Let’s think about this. Brexit was, by definition, a vote for change. Whether one agrees with that change or not, the apparently inevitable goal of the vote was to catalyse a systematic change in British politics, if not the British state. Of course, I say apparently inevitable. The reality has been a combination of encouraging bluster while establishment forces which produced the referendum have crystallised. The bluster was necessary, if really a con – as long as the discourse continued, and twitter accounts and news commentators were occupied with what often amounted to little more than gossip, the technocratic business of fixing what should have never been broken could be carried out.

That is a tremendous shame. We can all criticise the process of the 2016 referendum, and in hindsight a series of referenda were probably the best way to tackle this question. But hindsight is irrelevant when one faces chaos and carnage. In time, I have come to understand why some people voted in contrary to myself, to the extent that I dub myself (and I would dub many others) an agnostic Brexiteer. To be sure, anyone that has bought into this country is now a Brexiteer, for we all have an opinion on how we leave (even if that opinion is we don’t).

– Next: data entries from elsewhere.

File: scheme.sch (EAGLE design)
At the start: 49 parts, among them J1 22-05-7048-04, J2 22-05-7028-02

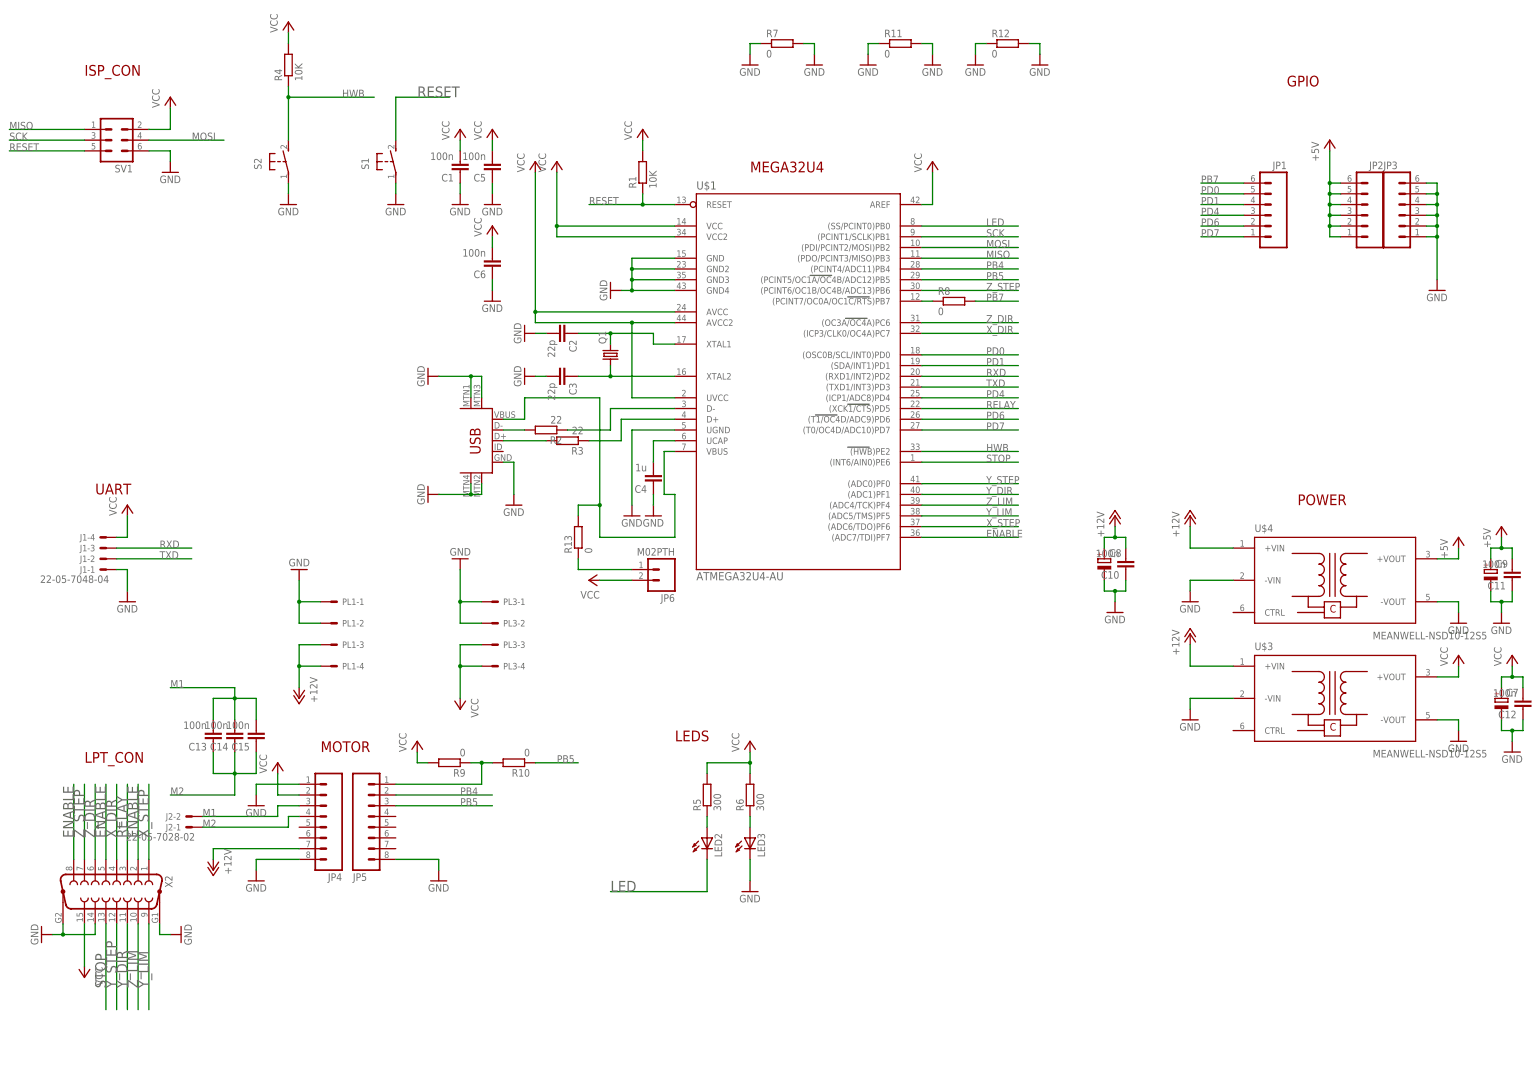
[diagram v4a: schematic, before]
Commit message: Fix DB-15 connector pinout for driver
Signed-off-by: Nikita 'webconn' Maslov <wkernelteam@gmail.com>
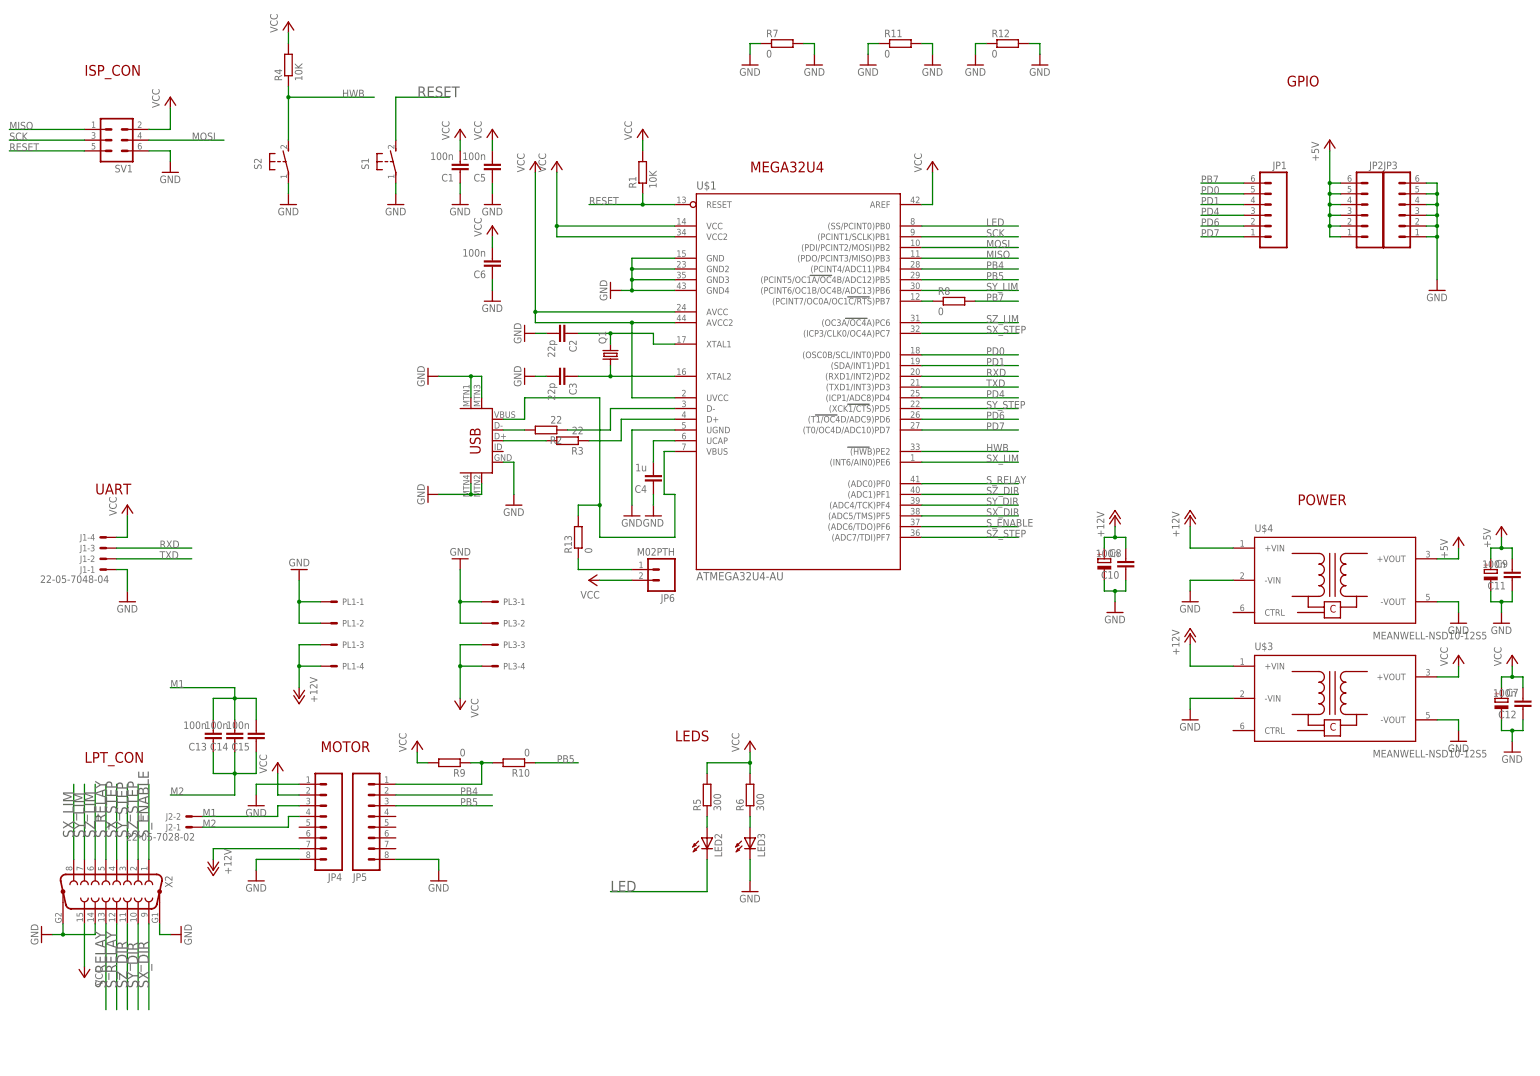
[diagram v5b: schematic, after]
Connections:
- net RELAY renamed SY_STEP
- net X_DIR renamed SX_STEP
- net X_STEP renamed S_ENABLE
- net Y_DIR renamed SZ_DIR
- net Y_LIM renamed SX_DIR
- net Z_DIR renamed SZ_LIM
- net Z_LIM renamed SY_DIR
- net Z_STEP renamed SY_LIM
- removed net ENABLE: U$1.(ADC7/TDI)PF7, X2.2, X2.5, X2.8
- removed net STOP: U$1.(INT6/AIN0)PE6, X2.13
- removed net Y_STEP: U$1.(ADC0)PF0, X2.12
- new net SX_LIM: U$1.(INT6/AIN0)PE6, X2.8
- new net SZ_STEP: U$1.(ADC7/TDI)PF7, X2.2
- new net S_RELAY: U$1.(ADC0)PF0, X2.12, X2.13, X2.5
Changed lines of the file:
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@@
 </segment>
 </net>
-<net name="ENABLE" class="0">
+<net name="SX_LIM" class="0">
 <segment>
 <pinref part="X2" gate="G$1" pin="8"/>
@@
 </segment>
 <segment>
-<pinref part="X2" gate="G$1" pin="5"/>
-<wire x1="43.18" y1="48.26" x2="43.18" y2="66.04" width="0.1524" layer="91"/>
-<label x="43.18" y="53.34" size="2.54" layer="95" rot="R90"/>
-</segment>
-<segment>
-<pinref part="X2" gate="G$1" pin="2"/>
-<wire x1="50.8" y1="48.26" x2="50.8" y2="66.04" width="0.1524" layer="91"/>
-<label x="50.8" y="53.34" size="2.54" layer="95" rot="R90"/>
-</segment>
-<segment>
-<pinref part="U$1" gate="G$1" pin="(ADC7/TDI)PF7"/>
-<wire x1="236.22" y1="124.46" x2="259.08" y2="124.46" width="0.1524" layer="91"/>
-<label x="251.46" y="124.46" size="1.778" layer="95"/>
-</segment>
-</net>
-<net name="Z_STEP" class="0">
+<pinref part="U$1" gate="G$1" pin="(INT6/AIN0)PE6"/>
+<wire x1="236.22" y1="142.24" x2="259.08" y2="142.24" width="0.1524" layer="91"/>
+<label x="251.46" y="142.24" size="1.778" layer="95"/>
+</segment>
+</net>
+<net name="SY_LIM" class="0">
 <segment>
 <pinref part="X2" gate="G$1" pin="7"/>
@@
 </segment>
 </net>
-<net name="Z_DIR" class="0">
+<net name="SZ_LIM" class="0">
 <segment>
 <pinref part="X2" gate="G$1" pin="6"/>
@@
 </segment>
 </net>
-<net name="X_DIR" class="0">
+<net name="SX_STEP" class="0">
 <segment>
 <pinref part="X2" gate="G$1" pin="4"/>
@@
 </segment>
 </net>
-<net name="RELAY" class="0">
+<net name="SY_STEP" class="0">
 <segment>
 <pinref part="X2" gate="G$1" pin="3"/>
@@
 </segment>
 </net>
-<net name="X_STEP" class="0">
+<net name="S_ENABLE" class="0">
 <segment>
 <pinref part="X2" gate="G$1" pin="1"/>
@@
 </segment>
 </net>
-<net name="Y_LIM" class="0">
+<net name="SX_DIR" class="0">
 <segment>
 <pinref part="X2" gate="G$1" pin="9"/>
@@
 </segment>
 </net>
-<net name="Z_LIM" class="0">
+<net name="SY_DIR" class="0">
 <segment>
 <pinref part="X2" gate="G$1" pin="10"/>
@@
 </segment>
 </net>
-<net name="Y_DIR" class="0">
+<net name="SZ_DIR" class="0">
 <segment>
 <pinref part="X2" gate="G$1" pin="11"/>
@@
 <wire x1="236.22" y1="134.62" x2="259.08" y2="134.62" width="0.1524" layer="91"/>
 <label x="251.46" y="134.62" size="1.778" layer="95"/>
-</segment>
-</net>
-<net name="Y_STEP" class="0">
-<segment>
-<pinref part="X2" gate="G$1" pin="12"/>
-<wire x1="45.72" y1="33.02" x2="45.72" y2="12.7" width="0.1524" layer="91"/>
-<label x="45.72" y="17.78" size="2.54" layer="95" rot="R90"/>
-</segment>
-<segment>
-<pinref part="U$1" gate="G$1" pin="(ADC0)PF0"/>
-<wire x1="236.22" y1="137.16" x2="259.08" y2="137.16" width="0.1524" layer="91"/>
-<label x="251.46" y="137.16" size="1.778" layer="95"/>
-</segment>
-</net>
-<net name="STOP" class="0">
-<segment>
-<pinref part="X2" gate="G$1" pin="13"/>
-<wire x1="43.18" y1="33.02" x2="43.18" y2="12.7" width="0.1524" layer="91"/>
-<label x="43.18" y="17.78" size="2.54" layer="95" rot="R90"/>
-</segment>
-<segment>
-<pinref part="U$1" gate="G$1" pin="(INT6/AIN0)PE6"/>
-<wire x1="236.22" y1="142.24" x2="259.08" y2="142.24" width="0.1524" layer="91"/>
-<label x="251.46" y="142.24" size="1.778" layer="95"/>
 </segment>
 </net>
@@
 </segment>
 </net>
+<net name="SZ_STEP" class="0">
+<segment>
+<pinref part="X2" gate="G$1" pin="2"/>
+<wire x1="50.8" y1="48.26" x2="50.8" y2="66.04" width="0.1524" layer="91"/>
+<label x="50.8" y="53.34" size="2.54" layer="95" rot="R90"/>
+</segment>
+<segment>
+<pinref part="U$1" gate="G$1" pin="(ADC7/TDI)PF7"/>
+<wire x1="236.22" y1="124.46" x2="259.08" y2="124.46" width="0.1524" layer="91"/>
+<label x="251.46" y="124.46" size="1.778" layer="95"/>
+</segment>
+</net>
+<net name="S_RELAY" class="0">
+<segment>
+<pinref part="X2" gate="G$1" pin="5"/>
+<wire x1="43.18" y1="48.26" x2="43.18" y2="66.04" width="0.1524" layer="91"/>
+<label x="43.18" y="53.34" size="2.54" layer="95" rot="R90"/>
+</segment>
+<segment>
+<pinref part="U$1" gate="G$1" pin="(ADC0)PF0"/>
+<wire x1="236.22" y1="137.16" x2="259.08" y2="137.16" width="0.1524" layer="91"/>
+<label x="251.46" y="137.16" size="1.778" layer="95"/>
+</segment>
+<segment>
+<pinref part="X2" gate="G$1" pin="13"/>
+<wire x1="43.18" y1="33.02" x2="43.18" y2="12.7" width="0.1524" layer="91"/>
+<label x="43.18" y="17.78" size="2.54" layer="95" rot="R90"/>
+</segment>
+<segment>
+<pinref part="X2" gate="G$1" pin="12"/>
+<wire x1="45.72" y1="33.02" x2="45.72" y2="12.7" width="0.1524" layer="91"/>
+<label x="45.72" y="17.78" size="2.54" layer="95" rot="R90"/>
+</segment>
+</net>

The agnostic part is that which I wish to linger on. In recent days I have stopped trying to predict what will happen with Brexit, and with this country. Not necessarily because I was frequently incorrect; but because, in the sheer honest light of day, no one knows how to Brexit. While a sad indictment of our current state of affairs, I believe an appeal to theological parallels is the most appropriate course of action. Democracy is, like almost everything else which commands the souls of people, the result of belief.

Nothing has changed because nothing can change. To pull one way rather than another does not simply risk tearing the Tory party apart or tearing Remain from Leave. The intricate web of social groups and ideas which make up contemporary Britain face decimation. It seems rational then, in such an environment, to display the level of intransigence the Prime Minister has. If fundamentally the role one occupies is predicated on the existence of a state, one would be unwise to risk the state’s destruction.

I may be accused of hyperbole, but I think such an accusation would be short-sighted. It has long been my belief Brexit has little to do with Europe, and more to do with economic disfranchisement, technological rapidity and societal changes. In other words, bog standard populism. As above, Brexit was a call for change, for upheaval. For control, of which the previously listed populist symptoms too frequently render in short supply.

When nothing has changed, that means nothing has changed. The forces and fears of economics and politics have not changed, nor having living standards, or job security, or wages, or – to put it simply – basic prospects for opportunity. This, more than anything, is why there is no solution to Brexit. The social turmoil and strife which plagues communities, both here and abroad, must first be tackled before the diplomatic behemoths of Brexit, of trade, of climate change and globalisation can be tackled.

Doing so will not be easy, hence why I believe the term agnostic Brexiteer is a useful one. How do we Brexit? How do we rebuild trust, cohesion and opportunity in our communities? How do we restore a sense of democracy and equality into that thing we call our democracy? How, on the most basic level, do we move forward together in any direction? This has always been a challenge of statecraft, but the arrogance of the end of history has left these questions to linger, and now voices, via radically different effigies, demand answers.

In the face of these challenges, which I believe leave many of us unsure how to proceed, the theory of nothing has changed will surely not suffice.